Segment Start: PROVIDED INFORMATION

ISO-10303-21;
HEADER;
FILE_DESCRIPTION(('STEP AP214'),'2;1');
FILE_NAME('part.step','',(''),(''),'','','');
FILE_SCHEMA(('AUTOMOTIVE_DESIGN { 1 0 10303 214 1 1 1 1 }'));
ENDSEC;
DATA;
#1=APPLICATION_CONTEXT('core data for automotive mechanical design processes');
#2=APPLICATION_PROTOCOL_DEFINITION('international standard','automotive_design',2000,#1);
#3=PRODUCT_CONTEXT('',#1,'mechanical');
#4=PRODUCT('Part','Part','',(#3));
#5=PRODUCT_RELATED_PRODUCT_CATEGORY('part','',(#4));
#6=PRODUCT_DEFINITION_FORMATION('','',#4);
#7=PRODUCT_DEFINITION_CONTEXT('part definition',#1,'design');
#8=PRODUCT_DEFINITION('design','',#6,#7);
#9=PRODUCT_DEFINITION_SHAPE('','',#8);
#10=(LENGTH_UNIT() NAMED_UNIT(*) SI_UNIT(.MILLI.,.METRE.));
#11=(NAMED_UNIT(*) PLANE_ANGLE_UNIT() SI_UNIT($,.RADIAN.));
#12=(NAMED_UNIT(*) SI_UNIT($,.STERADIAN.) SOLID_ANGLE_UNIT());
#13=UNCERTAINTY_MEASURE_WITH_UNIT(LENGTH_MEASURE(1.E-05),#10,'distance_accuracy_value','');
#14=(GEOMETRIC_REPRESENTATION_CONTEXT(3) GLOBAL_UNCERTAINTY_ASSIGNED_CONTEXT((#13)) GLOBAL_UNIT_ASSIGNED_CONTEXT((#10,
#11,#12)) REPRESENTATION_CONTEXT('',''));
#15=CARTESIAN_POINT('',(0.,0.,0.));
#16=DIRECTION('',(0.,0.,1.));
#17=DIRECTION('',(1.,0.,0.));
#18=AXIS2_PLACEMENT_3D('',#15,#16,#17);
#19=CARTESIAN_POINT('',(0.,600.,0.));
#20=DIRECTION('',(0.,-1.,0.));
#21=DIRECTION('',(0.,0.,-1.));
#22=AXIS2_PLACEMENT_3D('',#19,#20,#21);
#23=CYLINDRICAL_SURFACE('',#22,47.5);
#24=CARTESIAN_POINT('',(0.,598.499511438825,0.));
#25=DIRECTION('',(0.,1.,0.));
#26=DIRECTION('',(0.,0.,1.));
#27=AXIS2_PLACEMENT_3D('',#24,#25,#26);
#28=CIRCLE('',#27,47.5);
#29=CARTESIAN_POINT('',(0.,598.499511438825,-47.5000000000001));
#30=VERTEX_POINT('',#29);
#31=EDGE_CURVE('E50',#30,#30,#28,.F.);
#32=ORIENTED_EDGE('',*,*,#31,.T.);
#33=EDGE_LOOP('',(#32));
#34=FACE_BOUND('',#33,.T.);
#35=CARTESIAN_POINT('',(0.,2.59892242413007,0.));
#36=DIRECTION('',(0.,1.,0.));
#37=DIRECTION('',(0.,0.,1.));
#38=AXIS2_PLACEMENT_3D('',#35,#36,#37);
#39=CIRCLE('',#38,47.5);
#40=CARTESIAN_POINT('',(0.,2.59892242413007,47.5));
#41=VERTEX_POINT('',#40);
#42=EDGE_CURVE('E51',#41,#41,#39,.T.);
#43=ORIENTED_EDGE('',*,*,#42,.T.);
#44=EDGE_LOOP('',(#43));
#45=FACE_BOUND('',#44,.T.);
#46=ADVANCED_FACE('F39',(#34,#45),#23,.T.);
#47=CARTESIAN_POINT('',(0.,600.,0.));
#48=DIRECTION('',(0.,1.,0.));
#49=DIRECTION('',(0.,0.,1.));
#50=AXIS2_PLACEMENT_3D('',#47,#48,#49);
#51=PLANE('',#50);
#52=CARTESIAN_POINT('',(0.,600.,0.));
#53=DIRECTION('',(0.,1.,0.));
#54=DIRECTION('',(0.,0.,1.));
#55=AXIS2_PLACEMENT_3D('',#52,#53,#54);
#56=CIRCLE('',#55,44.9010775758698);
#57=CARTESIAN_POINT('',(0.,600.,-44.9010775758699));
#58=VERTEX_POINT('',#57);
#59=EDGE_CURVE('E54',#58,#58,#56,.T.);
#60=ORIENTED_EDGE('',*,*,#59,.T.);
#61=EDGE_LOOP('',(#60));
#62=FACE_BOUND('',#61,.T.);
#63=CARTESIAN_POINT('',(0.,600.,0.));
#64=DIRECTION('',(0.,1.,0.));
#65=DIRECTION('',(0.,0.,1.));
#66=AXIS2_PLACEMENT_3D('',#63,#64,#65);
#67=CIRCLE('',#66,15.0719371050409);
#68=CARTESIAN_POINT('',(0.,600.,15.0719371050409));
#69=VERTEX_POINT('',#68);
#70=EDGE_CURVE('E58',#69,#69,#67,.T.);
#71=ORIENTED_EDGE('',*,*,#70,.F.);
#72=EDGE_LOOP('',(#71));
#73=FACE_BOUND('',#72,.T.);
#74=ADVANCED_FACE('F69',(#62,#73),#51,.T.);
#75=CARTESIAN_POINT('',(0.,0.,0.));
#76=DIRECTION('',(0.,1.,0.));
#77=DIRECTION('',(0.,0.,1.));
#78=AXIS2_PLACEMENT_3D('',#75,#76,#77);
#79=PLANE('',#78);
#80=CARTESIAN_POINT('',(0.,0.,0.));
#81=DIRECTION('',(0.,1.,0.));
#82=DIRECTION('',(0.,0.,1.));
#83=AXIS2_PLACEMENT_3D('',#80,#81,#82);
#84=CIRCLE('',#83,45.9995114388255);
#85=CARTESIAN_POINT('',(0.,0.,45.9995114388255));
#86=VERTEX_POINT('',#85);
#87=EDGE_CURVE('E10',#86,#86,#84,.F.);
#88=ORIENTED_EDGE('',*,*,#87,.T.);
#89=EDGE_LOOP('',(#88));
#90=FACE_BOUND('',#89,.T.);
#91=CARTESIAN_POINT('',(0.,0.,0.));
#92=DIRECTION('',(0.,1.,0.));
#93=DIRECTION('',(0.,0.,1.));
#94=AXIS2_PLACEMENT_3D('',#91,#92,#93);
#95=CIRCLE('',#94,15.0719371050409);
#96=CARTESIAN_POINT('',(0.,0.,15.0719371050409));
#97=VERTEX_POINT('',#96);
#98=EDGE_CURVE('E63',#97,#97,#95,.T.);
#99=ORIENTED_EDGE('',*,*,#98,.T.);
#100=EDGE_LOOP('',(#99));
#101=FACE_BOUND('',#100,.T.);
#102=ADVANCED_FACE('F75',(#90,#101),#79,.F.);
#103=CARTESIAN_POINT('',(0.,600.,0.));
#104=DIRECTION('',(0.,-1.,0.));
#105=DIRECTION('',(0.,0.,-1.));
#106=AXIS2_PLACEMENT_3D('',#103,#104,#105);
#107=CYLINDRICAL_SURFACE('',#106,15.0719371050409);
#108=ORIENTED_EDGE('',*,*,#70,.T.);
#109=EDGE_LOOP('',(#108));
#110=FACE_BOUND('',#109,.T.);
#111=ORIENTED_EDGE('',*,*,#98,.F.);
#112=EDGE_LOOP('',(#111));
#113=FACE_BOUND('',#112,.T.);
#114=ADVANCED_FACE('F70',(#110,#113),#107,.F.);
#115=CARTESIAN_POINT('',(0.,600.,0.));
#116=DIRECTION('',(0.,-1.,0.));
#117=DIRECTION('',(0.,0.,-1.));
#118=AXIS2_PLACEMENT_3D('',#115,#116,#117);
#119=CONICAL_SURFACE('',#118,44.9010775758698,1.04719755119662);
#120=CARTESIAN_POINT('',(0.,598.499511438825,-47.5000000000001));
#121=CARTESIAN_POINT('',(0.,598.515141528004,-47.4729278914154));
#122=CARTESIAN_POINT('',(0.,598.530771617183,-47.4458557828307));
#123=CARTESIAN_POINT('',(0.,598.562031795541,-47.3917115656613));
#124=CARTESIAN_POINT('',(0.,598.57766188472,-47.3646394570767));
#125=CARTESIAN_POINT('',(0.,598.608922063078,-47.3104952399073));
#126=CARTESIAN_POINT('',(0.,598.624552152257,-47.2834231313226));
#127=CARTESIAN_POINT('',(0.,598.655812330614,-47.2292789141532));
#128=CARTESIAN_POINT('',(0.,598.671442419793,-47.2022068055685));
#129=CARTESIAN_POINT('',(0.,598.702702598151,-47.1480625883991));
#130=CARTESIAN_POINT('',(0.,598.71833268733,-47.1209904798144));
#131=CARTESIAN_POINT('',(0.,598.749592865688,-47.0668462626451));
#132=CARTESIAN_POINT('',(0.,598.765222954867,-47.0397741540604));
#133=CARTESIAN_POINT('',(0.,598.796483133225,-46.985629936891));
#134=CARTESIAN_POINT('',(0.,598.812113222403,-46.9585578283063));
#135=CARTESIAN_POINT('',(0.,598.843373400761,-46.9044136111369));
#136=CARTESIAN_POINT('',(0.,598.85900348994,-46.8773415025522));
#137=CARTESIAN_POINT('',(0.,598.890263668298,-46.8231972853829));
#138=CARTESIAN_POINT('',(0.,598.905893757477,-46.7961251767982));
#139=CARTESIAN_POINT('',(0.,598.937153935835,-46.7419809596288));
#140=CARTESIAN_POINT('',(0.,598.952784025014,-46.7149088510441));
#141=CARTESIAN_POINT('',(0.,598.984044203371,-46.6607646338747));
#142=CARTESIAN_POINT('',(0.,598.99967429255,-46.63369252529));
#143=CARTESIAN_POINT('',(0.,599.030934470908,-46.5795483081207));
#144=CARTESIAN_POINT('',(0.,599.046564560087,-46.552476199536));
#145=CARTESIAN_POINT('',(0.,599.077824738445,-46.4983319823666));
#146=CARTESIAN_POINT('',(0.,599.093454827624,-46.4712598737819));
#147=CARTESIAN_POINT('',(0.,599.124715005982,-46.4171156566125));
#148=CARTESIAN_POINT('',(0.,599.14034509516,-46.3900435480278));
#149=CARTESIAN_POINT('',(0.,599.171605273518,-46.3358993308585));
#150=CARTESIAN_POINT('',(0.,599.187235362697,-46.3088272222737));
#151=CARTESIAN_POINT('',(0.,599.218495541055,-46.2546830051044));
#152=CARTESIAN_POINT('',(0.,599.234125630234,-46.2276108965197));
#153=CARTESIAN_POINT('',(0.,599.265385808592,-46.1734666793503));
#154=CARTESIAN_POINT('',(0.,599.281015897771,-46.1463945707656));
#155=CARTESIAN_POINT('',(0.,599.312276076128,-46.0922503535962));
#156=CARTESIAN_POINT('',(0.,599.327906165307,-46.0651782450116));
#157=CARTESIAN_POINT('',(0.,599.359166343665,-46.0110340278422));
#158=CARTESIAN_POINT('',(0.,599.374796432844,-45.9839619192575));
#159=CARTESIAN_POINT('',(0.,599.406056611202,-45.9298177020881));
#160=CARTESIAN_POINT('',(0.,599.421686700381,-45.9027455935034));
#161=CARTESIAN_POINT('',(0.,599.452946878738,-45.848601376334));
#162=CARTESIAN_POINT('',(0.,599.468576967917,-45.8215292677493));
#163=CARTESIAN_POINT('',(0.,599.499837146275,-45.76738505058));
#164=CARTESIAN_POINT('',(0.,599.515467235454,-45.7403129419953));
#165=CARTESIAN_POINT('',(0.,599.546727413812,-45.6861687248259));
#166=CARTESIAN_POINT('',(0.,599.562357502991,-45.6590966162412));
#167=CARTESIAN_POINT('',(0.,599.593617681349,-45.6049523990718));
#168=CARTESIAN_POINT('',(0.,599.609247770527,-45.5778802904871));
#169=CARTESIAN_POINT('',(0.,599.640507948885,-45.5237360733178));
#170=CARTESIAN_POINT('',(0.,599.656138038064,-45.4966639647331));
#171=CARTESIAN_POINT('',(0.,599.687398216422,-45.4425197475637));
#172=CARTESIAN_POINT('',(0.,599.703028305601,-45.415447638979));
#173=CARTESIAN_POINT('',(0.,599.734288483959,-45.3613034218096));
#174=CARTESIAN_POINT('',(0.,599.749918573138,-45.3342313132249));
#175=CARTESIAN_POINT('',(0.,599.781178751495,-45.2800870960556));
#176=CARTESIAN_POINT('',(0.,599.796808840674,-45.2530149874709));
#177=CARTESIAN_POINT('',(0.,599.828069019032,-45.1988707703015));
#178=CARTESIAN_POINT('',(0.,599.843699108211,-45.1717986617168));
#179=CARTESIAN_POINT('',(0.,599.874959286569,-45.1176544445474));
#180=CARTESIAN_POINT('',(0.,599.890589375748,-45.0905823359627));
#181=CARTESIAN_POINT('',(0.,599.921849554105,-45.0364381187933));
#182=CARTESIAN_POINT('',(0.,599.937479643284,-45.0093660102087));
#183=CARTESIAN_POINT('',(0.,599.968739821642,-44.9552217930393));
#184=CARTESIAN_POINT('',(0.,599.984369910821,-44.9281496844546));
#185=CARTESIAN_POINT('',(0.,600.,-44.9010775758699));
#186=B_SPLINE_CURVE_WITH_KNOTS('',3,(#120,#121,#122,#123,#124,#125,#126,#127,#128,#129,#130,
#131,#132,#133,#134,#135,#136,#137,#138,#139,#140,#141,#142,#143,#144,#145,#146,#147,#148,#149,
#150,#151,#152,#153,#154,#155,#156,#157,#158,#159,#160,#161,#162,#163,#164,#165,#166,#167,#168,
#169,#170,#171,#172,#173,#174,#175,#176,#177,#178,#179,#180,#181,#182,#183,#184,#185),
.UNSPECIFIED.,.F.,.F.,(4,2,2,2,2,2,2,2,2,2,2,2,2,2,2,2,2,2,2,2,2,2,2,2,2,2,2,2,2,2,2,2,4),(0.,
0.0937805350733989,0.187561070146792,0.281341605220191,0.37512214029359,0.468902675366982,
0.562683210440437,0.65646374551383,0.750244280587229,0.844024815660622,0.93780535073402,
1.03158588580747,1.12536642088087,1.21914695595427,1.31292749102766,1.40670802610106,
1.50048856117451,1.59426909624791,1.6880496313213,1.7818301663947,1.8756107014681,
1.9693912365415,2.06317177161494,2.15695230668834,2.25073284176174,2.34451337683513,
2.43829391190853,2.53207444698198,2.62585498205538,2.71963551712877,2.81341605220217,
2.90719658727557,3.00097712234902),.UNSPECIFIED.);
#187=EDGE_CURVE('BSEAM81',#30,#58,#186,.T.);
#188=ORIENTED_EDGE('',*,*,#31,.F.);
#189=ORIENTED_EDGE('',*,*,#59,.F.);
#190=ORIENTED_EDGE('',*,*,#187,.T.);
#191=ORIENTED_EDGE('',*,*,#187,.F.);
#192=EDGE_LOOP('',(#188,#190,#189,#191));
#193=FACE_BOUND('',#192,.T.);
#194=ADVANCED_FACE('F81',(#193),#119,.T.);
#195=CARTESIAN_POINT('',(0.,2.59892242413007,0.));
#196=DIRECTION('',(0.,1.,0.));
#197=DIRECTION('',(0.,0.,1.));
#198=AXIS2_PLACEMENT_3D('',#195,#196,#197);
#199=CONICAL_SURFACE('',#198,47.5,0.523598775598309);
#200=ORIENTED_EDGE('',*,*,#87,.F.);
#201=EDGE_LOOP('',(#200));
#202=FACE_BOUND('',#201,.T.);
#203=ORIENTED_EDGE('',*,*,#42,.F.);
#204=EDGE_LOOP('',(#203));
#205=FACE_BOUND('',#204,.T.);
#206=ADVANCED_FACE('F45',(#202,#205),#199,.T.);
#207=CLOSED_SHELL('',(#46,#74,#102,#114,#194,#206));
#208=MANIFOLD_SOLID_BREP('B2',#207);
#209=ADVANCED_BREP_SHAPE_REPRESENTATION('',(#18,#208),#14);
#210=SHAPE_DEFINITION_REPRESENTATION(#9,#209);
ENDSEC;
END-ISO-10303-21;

Segment End: PROVIDED INFORMATION

● **WHAT IS NEEDED**:
Above this instruction are the records; retype exactly the lines from the one containing "#8=PRODUCT_DEFINITION('design','',#6,#7);" up to and including the one containing "#11,#12)) REPRESENTATION_CONTEXT('',''));".

● **RESULT OF THE EXERCISE**:
#8=PRODUCT_DEFINITION('design','',#6,#7);
#9=PRODUCT_DEFINITION_SHAPE('','',#8);
#10=(LENGTH_UNIT() NAMED_UNIT(*) SI_UNIT(.MILLI.,.METRE.));
#11=(NAMED_UNIT(*) PLANE_ANGLE_UNIT() SI_UNIT($,.RADIAN.));
#12=(NAMED_UNIT(*) SI_UNIT($,.STERADIAN.) SOLID_ANGLE_UNIT());
#13=UNCERTAINTY_MEASURE_WITH_UNIT(LENGTH_MEASURE(1.E-05),#10,'distance_accuracy_value','');
#14=(GEOMETRIC_REPRESENTATION_CONTEXT(3) GLOBAL_UNCERTAINTY_ASSIGNED_CONTEXT((#13)) GLOBAL_UNIT_ASSIGNED_CONTEXT((#10,
#11,#12)) REPRESENTATION_CONTEXT('',''));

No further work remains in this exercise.